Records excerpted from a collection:
★ ★ ★ ★

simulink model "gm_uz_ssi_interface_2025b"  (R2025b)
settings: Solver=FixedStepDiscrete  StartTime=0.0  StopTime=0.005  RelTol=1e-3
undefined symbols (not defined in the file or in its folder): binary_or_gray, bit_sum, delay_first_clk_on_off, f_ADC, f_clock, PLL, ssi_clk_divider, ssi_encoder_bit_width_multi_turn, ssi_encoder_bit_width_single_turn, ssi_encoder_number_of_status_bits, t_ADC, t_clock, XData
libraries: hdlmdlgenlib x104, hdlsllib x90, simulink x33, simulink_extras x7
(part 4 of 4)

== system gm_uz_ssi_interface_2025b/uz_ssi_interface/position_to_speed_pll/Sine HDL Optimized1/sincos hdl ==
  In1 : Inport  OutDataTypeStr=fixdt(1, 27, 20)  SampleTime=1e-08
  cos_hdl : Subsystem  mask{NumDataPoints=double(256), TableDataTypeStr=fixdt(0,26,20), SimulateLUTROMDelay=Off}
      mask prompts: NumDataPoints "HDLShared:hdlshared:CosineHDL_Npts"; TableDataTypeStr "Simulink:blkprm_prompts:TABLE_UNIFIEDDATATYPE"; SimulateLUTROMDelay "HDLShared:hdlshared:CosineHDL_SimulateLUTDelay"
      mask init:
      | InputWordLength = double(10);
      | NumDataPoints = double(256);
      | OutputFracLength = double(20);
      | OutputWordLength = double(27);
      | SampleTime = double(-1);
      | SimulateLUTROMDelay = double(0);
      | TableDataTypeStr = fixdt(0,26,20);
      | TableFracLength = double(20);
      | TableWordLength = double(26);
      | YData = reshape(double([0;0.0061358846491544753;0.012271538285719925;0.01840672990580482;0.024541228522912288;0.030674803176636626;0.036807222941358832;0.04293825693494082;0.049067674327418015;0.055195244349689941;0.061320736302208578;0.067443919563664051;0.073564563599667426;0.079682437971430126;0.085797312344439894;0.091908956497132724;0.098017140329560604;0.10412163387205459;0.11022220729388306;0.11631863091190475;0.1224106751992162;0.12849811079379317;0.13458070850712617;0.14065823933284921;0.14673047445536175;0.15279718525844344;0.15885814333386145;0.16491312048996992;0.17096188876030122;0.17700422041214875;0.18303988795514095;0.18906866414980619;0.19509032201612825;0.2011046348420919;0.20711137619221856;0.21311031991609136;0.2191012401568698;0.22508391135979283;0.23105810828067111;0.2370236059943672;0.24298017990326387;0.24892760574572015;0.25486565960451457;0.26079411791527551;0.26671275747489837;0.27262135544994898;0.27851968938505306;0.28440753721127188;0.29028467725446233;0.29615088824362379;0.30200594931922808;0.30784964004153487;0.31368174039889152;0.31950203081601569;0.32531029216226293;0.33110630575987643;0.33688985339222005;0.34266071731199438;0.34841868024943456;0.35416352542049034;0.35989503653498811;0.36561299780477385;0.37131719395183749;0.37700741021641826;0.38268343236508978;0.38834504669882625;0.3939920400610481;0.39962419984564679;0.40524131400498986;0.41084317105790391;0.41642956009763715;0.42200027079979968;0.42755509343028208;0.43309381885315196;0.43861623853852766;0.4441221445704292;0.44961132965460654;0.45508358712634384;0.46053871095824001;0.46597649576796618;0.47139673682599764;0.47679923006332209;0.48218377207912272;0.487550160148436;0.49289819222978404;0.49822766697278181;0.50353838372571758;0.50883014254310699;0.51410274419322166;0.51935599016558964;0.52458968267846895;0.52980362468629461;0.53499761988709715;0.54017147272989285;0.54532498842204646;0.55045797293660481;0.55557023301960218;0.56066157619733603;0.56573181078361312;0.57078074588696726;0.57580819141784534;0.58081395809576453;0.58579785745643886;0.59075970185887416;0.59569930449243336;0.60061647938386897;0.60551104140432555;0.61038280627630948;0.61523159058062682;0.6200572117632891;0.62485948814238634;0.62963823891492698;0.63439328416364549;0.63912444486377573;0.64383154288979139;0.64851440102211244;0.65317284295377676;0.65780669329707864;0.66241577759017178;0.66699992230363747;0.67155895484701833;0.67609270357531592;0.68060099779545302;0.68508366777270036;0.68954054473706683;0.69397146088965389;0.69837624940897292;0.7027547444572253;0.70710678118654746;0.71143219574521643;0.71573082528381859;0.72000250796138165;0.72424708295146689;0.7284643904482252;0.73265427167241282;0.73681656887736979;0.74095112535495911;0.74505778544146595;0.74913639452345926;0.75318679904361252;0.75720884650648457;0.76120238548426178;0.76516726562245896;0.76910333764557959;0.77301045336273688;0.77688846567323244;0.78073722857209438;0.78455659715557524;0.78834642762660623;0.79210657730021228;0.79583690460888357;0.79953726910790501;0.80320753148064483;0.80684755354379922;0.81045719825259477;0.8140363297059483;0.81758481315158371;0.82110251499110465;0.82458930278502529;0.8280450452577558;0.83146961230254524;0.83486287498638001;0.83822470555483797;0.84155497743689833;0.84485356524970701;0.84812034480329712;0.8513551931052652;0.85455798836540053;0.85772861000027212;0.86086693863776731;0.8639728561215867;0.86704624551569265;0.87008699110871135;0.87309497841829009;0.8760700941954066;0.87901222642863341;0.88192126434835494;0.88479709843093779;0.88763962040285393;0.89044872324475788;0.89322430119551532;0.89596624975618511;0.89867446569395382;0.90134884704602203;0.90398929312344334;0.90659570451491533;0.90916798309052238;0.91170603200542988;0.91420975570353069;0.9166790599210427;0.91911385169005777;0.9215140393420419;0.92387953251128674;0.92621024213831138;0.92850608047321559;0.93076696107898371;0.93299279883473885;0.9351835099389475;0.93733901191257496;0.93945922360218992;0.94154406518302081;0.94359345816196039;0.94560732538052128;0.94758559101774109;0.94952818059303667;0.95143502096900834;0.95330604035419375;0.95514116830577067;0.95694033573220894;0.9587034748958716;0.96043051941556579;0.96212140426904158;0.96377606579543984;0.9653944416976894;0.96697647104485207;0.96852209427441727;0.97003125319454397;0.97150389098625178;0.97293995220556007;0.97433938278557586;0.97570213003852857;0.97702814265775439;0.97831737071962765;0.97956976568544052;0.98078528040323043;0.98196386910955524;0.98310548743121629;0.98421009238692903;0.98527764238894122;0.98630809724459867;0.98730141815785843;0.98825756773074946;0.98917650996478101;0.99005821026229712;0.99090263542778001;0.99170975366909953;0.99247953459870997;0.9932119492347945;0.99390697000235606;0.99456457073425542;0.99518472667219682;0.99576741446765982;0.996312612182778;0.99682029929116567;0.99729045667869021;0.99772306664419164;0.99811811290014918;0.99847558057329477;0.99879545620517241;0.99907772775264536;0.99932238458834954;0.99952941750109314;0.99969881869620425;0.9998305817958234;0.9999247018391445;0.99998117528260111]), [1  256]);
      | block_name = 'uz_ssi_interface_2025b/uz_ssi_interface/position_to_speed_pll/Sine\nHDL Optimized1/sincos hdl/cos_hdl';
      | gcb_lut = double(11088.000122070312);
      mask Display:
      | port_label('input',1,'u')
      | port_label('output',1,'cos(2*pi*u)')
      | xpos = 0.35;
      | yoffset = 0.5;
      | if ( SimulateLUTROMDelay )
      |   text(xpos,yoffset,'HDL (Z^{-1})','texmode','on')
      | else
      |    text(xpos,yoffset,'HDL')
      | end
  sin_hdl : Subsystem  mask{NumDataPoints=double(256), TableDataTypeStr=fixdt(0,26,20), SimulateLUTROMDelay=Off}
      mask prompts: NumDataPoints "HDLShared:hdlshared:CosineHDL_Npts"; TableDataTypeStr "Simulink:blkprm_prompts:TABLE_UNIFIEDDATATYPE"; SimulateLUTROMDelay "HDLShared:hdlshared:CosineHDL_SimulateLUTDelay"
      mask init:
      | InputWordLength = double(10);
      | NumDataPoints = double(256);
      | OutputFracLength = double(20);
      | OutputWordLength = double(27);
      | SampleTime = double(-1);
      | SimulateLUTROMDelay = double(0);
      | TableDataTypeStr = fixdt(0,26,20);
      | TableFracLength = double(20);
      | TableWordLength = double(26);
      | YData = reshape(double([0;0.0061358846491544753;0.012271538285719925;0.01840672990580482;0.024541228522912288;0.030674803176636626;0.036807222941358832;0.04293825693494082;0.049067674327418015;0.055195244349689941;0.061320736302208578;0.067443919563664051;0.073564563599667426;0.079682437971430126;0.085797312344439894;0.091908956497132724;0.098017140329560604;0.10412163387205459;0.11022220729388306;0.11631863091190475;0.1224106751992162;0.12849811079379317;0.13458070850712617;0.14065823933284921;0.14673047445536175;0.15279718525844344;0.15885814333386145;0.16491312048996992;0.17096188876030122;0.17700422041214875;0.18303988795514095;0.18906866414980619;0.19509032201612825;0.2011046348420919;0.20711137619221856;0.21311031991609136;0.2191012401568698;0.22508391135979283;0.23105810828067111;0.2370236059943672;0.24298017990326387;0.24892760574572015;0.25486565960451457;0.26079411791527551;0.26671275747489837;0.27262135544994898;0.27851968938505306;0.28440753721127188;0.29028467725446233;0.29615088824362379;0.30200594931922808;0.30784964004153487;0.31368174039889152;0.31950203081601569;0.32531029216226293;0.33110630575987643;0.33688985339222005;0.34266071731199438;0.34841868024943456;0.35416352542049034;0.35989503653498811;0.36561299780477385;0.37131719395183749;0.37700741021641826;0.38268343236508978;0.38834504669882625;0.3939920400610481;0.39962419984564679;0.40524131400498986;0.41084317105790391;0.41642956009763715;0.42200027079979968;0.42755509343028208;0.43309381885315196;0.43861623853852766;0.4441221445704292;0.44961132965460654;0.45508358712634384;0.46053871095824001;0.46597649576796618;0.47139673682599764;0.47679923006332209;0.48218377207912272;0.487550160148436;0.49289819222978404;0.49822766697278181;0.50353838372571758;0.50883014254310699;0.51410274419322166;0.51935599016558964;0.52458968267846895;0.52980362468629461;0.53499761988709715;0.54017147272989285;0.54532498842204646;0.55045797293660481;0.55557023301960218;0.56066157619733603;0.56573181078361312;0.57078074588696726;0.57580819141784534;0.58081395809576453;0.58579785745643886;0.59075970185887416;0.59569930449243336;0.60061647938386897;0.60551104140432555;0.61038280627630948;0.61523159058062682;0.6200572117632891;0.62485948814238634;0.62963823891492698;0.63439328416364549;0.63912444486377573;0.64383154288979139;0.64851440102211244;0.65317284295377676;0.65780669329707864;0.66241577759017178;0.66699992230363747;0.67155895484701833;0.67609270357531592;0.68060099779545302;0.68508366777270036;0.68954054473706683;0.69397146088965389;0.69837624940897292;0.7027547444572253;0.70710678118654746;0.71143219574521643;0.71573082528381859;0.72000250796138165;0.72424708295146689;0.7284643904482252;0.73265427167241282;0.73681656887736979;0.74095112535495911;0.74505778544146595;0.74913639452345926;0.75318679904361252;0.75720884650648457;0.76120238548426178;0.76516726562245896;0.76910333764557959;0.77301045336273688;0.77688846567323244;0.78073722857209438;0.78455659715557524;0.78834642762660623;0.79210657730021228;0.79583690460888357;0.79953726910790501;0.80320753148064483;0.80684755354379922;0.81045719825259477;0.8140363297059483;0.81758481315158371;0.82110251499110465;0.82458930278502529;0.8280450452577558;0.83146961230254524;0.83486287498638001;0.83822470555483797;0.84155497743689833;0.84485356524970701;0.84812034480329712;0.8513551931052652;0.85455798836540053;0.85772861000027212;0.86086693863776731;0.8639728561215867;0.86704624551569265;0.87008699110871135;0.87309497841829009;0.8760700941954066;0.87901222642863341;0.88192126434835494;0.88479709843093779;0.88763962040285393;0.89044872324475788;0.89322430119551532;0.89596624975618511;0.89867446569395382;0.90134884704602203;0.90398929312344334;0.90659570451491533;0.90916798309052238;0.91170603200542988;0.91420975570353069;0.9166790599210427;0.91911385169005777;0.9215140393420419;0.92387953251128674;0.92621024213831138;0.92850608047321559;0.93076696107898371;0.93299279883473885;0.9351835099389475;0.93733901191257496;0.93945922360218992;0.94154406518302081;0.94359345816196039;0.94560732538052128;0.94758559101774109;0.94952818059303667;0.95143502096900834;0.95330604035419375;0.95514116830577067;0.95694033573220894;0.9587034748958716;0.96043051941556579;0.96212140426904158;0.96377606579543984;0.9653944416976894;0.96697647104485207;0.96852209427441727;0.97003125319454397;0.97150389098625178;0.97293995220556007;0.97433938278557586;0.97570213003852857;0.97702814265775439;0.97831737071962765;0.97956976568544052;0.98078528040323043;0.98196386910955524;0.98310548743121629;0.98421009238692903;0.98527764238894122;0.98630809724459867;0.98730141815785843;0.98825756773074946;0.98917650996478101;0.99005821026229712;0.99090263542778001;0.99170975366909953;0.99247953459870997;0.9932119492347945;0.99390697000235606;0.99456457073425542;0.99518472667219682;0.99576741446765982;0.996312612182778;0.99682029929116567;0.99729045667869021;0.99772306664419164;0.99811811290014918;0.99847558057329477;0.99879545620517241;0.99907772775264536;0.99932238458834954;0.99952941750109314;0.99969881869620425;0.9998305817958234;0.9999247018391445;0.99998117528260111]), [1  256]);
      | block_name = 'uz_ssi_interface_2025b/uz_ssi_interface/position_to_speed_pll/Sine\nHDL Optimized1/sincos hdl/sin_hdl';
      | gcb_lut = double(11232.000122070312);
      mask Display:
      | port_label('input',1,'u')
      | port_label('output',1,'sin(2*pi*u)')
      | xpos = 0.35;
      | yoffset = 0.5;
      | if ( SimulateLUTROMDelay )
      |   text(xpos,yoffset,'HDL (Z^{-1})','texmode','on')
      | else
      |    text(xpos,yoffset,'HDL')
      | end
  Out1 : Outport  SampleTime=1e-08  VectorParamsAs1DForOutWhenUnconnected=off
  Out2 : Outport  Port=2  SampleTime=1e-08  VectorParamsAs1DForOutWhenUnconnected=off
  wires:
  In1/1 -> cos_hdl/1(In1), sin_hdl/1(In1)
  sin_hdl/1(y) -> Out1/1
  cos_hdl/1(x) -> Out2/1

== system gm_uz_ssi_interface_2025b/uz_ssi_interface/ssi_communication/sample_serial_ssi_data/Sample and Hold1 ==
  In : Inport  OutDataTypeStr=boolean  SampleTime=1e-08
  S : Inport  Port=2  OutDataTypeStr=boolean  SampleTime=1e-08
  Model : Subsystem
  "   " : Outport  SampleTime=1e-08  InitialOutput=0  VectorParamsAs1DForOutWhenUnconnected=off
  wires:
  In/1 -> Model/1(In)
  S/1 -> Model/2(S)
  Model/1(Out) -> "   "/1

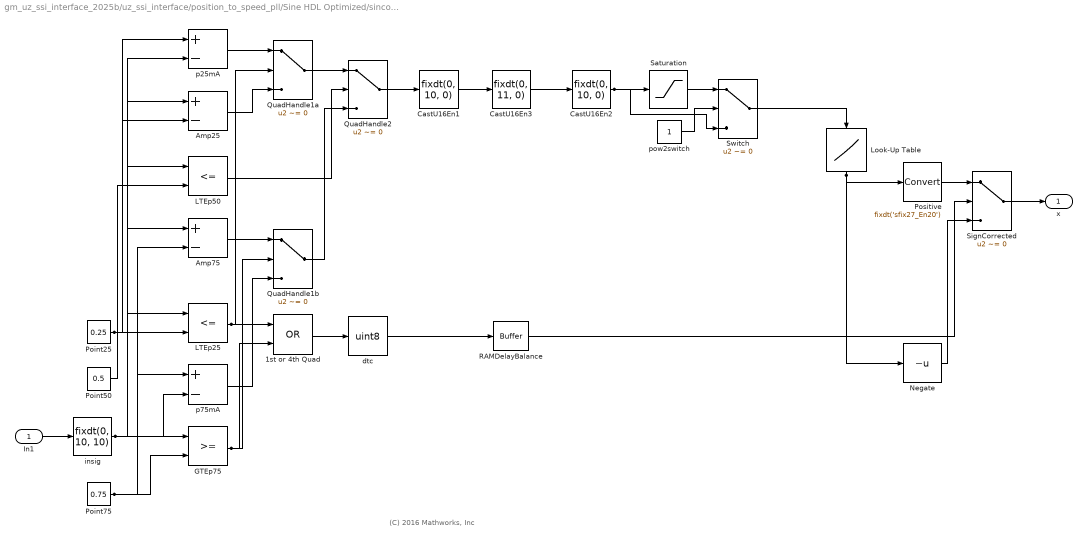
== system gm_uz_ssi_interface_2025b/uz_ssi_interface/position_to_speed_pll/Sine HDL Optimized/sincos hdl/cos_hdl ==
  note: (C) 2016 Mathworks, Inc
  In1 : Inport  OutDataTypeStr=fixdt(1, 27, 20)  SampleTime=1e-08
  1st or 4th Quad : Logic  Operator=OR  AllPortsSameDT=off  OutDataTypeStr=boolean  SampleTime=1e-08
  Amp25 : Sum  Inputs=+-  OutDataTypeStr=fixdt(1, 28, 27)  AccumDataTypeStr=fixdt(1, 28, 27)  SampleTime=1e-08
  Amp75 : Sum  Inputs=+-  OutDataTypeStr=fixdt(1, 28, 27)  AccumDataTypeStr=fixdt(1, 28, 27)  SampleTime=1e-08
  CastU16En1 : DataTypeConversion  OutDataTypeStr=fixdt(0, 10, 0)  ConvertRealWorld=Stored Integer (SI)  SampleTime=1e-08  SaturateOnIntegerOverflow=off  RndMeth=Floor
  CastU16En2 : DataTypeConversion  OutDataTypeStr=fixdt(0, 10, 0)  ConvertRealWorld=Stored Integer (SI)  SampleTime=1e-08  RndMeth=Floor
  CastU16En3 : DataTypeConversion  OutDataTypeStr=fixdt(0, 11, 0)  SampleTime=1e-08  SaturateOnIntegerOverflow=off  RndMeth=Floor
  GTEp75 : RelationalOperator  OutDataTypeStr=boolean  SampleTime=1e-08  InputSameDT=off
  LTEp25 : RelationalOperator  Operator=<=  OutDataTypeStr=boolean  SampleTime=1e-08  InputSameDT=off
  LTEp50 : RelationalOperator  Operator=<=  OutDataTypeStr=boolean  SampleTime=1e-08  InputSameDT=off
  Look-Up Table : Lookup_n-D  NumberOfTableDimensions=1  LookupTableObject=''  BreakpointsSpecification=Even spacing  BreakpointsForDimension1=XData  BreakpointsForDimension1FirstPoint=fi(0,0,InputWordLength,0)  BreakpointsForDimension1Spacing=fi(1,0,InputWordLength,0)  IndexSearchMethod=Evenly spaced points  Table=fi(YData,0, TableWordLength, TableFracLength)  TableDataTypeStr=fixdt(0, TableWordLength, TableFracLength)  InterpMethod=Flat  ExtrapMethod=Clip  OutDataTypeStr=fixdt(1,OutputWordLength,OutputFracLength)  LockScale=on
  Negate : UnaryMinus  SampleTime=1e-08
  Point25 : Constant  Value=0.25  OutDataTypeStr=fixdt(0, 27, 27)  SampleTime=1e-08
  Point50 : Constant  Value=0.5  OutDataTypeStr=fixdt(0, 27, 27)  SampleTime=1e-08
  Point75 : Constant  Value=0.75  OutDataTypeStr=fixdt(0, 27, 27)  SampleTime=1e-08
  Positive : DataTypeConversion  OutDataTypeStr=fixdt('sfix27_En20')
  QuadHandle1a : Switch  Criteria=u2 ~= 0  Threshold="fi(0,0,1,0,\"hex\",\"0\")"  OutDataTypeStr=fixdt(1, 28, 27)  SampleTime=1e-08  SaturateOnIntegerOverflow=off  InputSameDT=off
  QuadHandle1b : Switch  Criteria=u2 ~= 0  Threshold="fi(0,0,1,0,\"hex\",\"0\")"  OutDataTypeStr=fixdt(1, 28, 27)  SampleTime=1e-08  SaturateOnIntegerOverflow=off  InputSameDT=off
  QuadHandle2 : Switch  Criteria=u2 ~= 0  Threshold="fi(0,0,1,0,\"hex\",\"0\")"  OutDataTypeStr=fixdt(0, 10, 10)  SampleTime=1e-08  InputSameDT=off
  RAMDelayBalance : hdlmdlgenlib/Buffer
  Saturation : Saturate  UpperLimit="fi(0,0,10,0,\"hex\",\"0ff\")"  LowerLimit="fi(0,0,10,0,\"hex\",\"000\")"  SampleTime=1e-08  OutDataTypeStr=fixdt(0, 10, 0)
  SignCorrected : Switch  Criteria=u2 ~= 0  Threshold="fi(0,0,8,0,\"hex\",\"00\")"  OutDataTypeStr=fixdt(1, 27, 20)  SampleTime=1e-08  SaturateOnIntegerOverflow=off  InputSameDT=off
  Switch : Switch  Criteria=u2 ~= 0  Threshold="fi(0,0,1,0,\"hex\",\"0\")"  OutDataTypeStr=fixdt(0, 10, 0)  SampleTime=1e-08  SaturateOnIntegerOverflow=off  InputSameDT=off
  dtc : DataTypeConversion  OutDataTypeStr=uint8  ConvertRealWorld=Stored Integer (SI)  SampleTime=1e-08  SaturateOnIntegerOverflow=off  RndMeth=Floor
  insig : DataTypeConversion  OutDataTypeStr=fixdt(0, 10, 10)  SampleTime=1e-08  SaturateOnIntegerOverflow=off  RndMeth=Floor
  p25mA : Sum  Inputs=+-  OutDataTypeStr=fixdt(1, 28, 27)  AccumDataTypeStr=fixdt(1, 28, 27)  SampleTime=1e-08
  p75mA : Sum  Inputs=+-  OutDataTypeStr=fixdt(1, 28, 27)  AccumDataTypeStr=fixdt(1, 28, 27)  SampleTime=1e-08
  pow2switch : Constant  OutDataTypeStr=boolean  SampleTime=1e-08
  x : Outport  SampleTime=1e-08  VectorParamsAs1DForOutWhenUnconnected=off
  wires:
  In1/1 -> insig/1
  p25mA/1 -> QuadHandle1a/1
  Point25/1 -> p25mA/1, LTEp25/2, Amp25/2
  Point50/1 -> LTEp50/2
  Amp25/1 -> QuadHandle1a/3
  insig/1 -> p25mA/2, LTEp50/1, LTEp25/1, GTEp75/1, Amp75/1, p75mA/2, Amp25/1
  Point75/1 -> GTEp75/2, p75mA/1, Amp75/2
  LTEp50/1 -> QuadHandle2/2
  Amp75/1 -> QuadHandle1b/1
  LTEp25/1 -> QuadHandle1a/2, 1st or 4th Quad/1
  p75mA/1 -> QuadHandle1b/3
  GTEp75/1 -> QuadHandle1b/2, 1st or 4th Quad/2
  QuadHandle1a/1 -> QuadHandle2/1
  QuadHandle1b/1 -> QuadHandle2/3
  1st or 4th Quad/1 -> dtc/1
  Saturation/1 -> Switch/1
  QuadHandle2/1 -> CastU16En1/1
  dtc/1 -> RAMDelayBalance/1
  CastU16En1/1 -> CastU16En3/1
  CastU16En2/1 -> Switch/3, Saturation/1
  CastU16En3/1 -> CastU16En2/1
  RAMDelayBalance/1 -> SignCorrected/2
  SignCorrected/1 -> x/1
  pow2switch/1 -> Switch/2
  Switch/1 -> Look-Up Table/1
  Look-Up Table/1 -> Positive/1, Negate/1
  Positive/1 -> SignCorrected/1
  Negate/1 -> SignCorrected/3

== system gm_uz_ssi_interface_2025b/uz_ssi_interface/position_to_speed_pll/Sine HDL Optimized/sincos hdl/sin_hdl ==
  note: (C) 2016 Mathworks, Inc
  In1 : Inport  OutDataTypeStr=fixdt(1, 27, 20)  SampleTime=1e-08
  Amp50 : Sum  Inputs=+-  OutDataTypeStr=fixdt(1, 28, 27)  AccumDataTypeStr=fixdt(1, 28, 27)  SampleTime=1e-08
  CastU16En2 : DataTypeConversion  OutDataTypeStr=fixdt(0, 10, 0)  ConvertRealWorld=Stored Integer (SI)  SampleTime=1e-08  SaturateOnIntegerOverflow=off  RndMeth=Floor
  CastU16En3 : DataTypeConversion  OutDataTypeStr=fixdt(0, 10, 0)  ConvertRealWorld=Stored Integer (SI)  SampleTime=1e-08  RndMeth=Floor
  CastU16En4 : DataTypeConversion  OutDataTypeStr=fixdt(0, 11, 0)  SampleTime=1e-08  SaturateOnIntegerOverflow=off  RndMeth=Floor
  LTEp25 : RelationalOperator  Operator=<=  OutDataTypeStr=boolean  SampleTime=1e-08  InputSameDT=off
  LTEp50 : RelationalOperator  Operator=<=  OutDataTypeStr=boolean  SampleTime=1e-08  InputSameDT=off
  Look-Up Table : Lookup_n-D  NumberOfTableDimensions=1  LookupTableObject=''  BreakpointsSpecification=Even spacing  BreakpointsForDimension1=XData  BreakpointsForDimension1FirstPoint=fi(0,0,InputWordLength,0)  BreakpointsForDimension1Spacing=fi(1,0,InputWordLength,0)  IndexSearchMethod=Evenly spaced points  Table=fi(YData,0, TableWordLength, TableFracLength)  TableDataTypeStr=fixdt(0, TableWordLength, TableFracLength)  InterpMethod=Flat  ExtrapMethod=Clip  OutDataTypeStr=fixdt(1,OutputWordLength,OutputFracLength)  LockScale=on
  Negate : UnaryMinus  SampleTime=1e-08
  Point25 : Constant  Value=0.25  OutDataTypeStr=fixdt(0, 27, 27)  SampleTime=1e-08
  Point50 : Constant  Value=0.5  OutDataTypeStr=fixdt(0, 27, 27)  SampleTime=1e-08
  Positive : DataTypeConversion  OutDataTypeStr=fixdt('sfix27_En20')
  QuadHandle1 : Switch  Criteria=u2 ~= 0  Threshold="fi(0,0,1,0,\"hex\",\"0\")"  OutDataTypeStr=fixdt(1, 28, 27)  SampleTime=1e-08  SaturateOnIntegerOverflow=off  InputSameDT=off
  QuadHandle2 : Switch  Criteria=u2 ~= 0  Threshold="fi(0,0,1,0,\"hex\",\"0\")"  OutDataTypeStr=fixdt(0, 10, 10)  SampleTime=1e-08  SaturateOnIntegerOverflow=off  InputSameDT=off
  RAMDelayBalance : hdlmdlgenlib/Buffer
  Saturation : Saturate  UpperLimit="fi(0,0,10,0,\"hex\",\"0ff\")"  LowerLimit="fi(0,0,10,0,\"hex\",\"000\")"  SampleTime=1e-08  OutDataTypeStr=fixdt(0, 10, 0)
  SignCorrected : Switch  Criteria=u2 ~= 0  Threshold="fi(0,0,1,0,\"hex\",\"0\")"  OutDataTypeStr=fixdt(1, 27, 20)  SampleTime=1e-08  SaturateOnIntegerOverflow=off  InputSameDT=off
  Switch : Switch  Criteria=u2 ~= 0  Threshold="fi(0,0,1,0,\"hex\",\"0\")"  OutDataTypeStr=fixdt(0, 10, 0)  SampleTime=1e-08  SaturateOnIntegerOverflow=off  InputSameDT=off
  insig : DataTypeConversion  OutDataTypeStr=fixdt(0, 10, 10)  SampleTime=1e-08  SaturateOnIntegerOverflow=off  RndMeth=Floor
  p50mA : Sum  Inputs=+-  OutDataTypeStr=fixdt(1, 29, 27)  AccumDataTypeStr=fixdt(1, 29, 27)  SampleTime=1e-08
  pow2switch : Constant  OutDataTypeStr=boolean  SampleTime=1e-08
  y : Outport  SampleTime=1e-08  VectorParamsAs1DForOutWhenUnconnected=off
  wires:
  LTEp25/1 -> QuadHandle2/2
  Negate/1 -> SignCorrected/3
  QuadHandle1/1 -> QuadHandle2/1, p50mA/2, LTEp25/1
  Point50/1 -> p50mA/1, LTEp50/2, Amp50/2
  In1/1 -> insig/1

★ ★ ★ ★

» Action item:
Using the entries above, give back exactly the line containing "Look-Up Table/1 -> Positive/1, Negate/1", the line containing "Amp50 : Sum", and every line between them, and nothing else.

» Written answer:
  Look-Up Table/1 -> Positive/1, Negate/1
  Positive/1 -> SignCorrected/1
  Negate/1 -> SignCorrected/3

== system gm_uz_ssi_interface_2025b/uz_ssi_interface/position_to_speed_pll/Sine HDL Optimized/sincos hdl/sin_hdl ==
  note: (C) 2016 Mathworks, Inc
  In1 : Inport  OutDataTypeStr=fixdt(1, 27, 20)  SampleTime=1e-08
  Amp50 : Sum  Inputs=+-  OutDataTypeStr=fixdt(1, 28, 27)  AccumDataTypeStr=fixdt(1, 28, 27)  SampleTime=1e-08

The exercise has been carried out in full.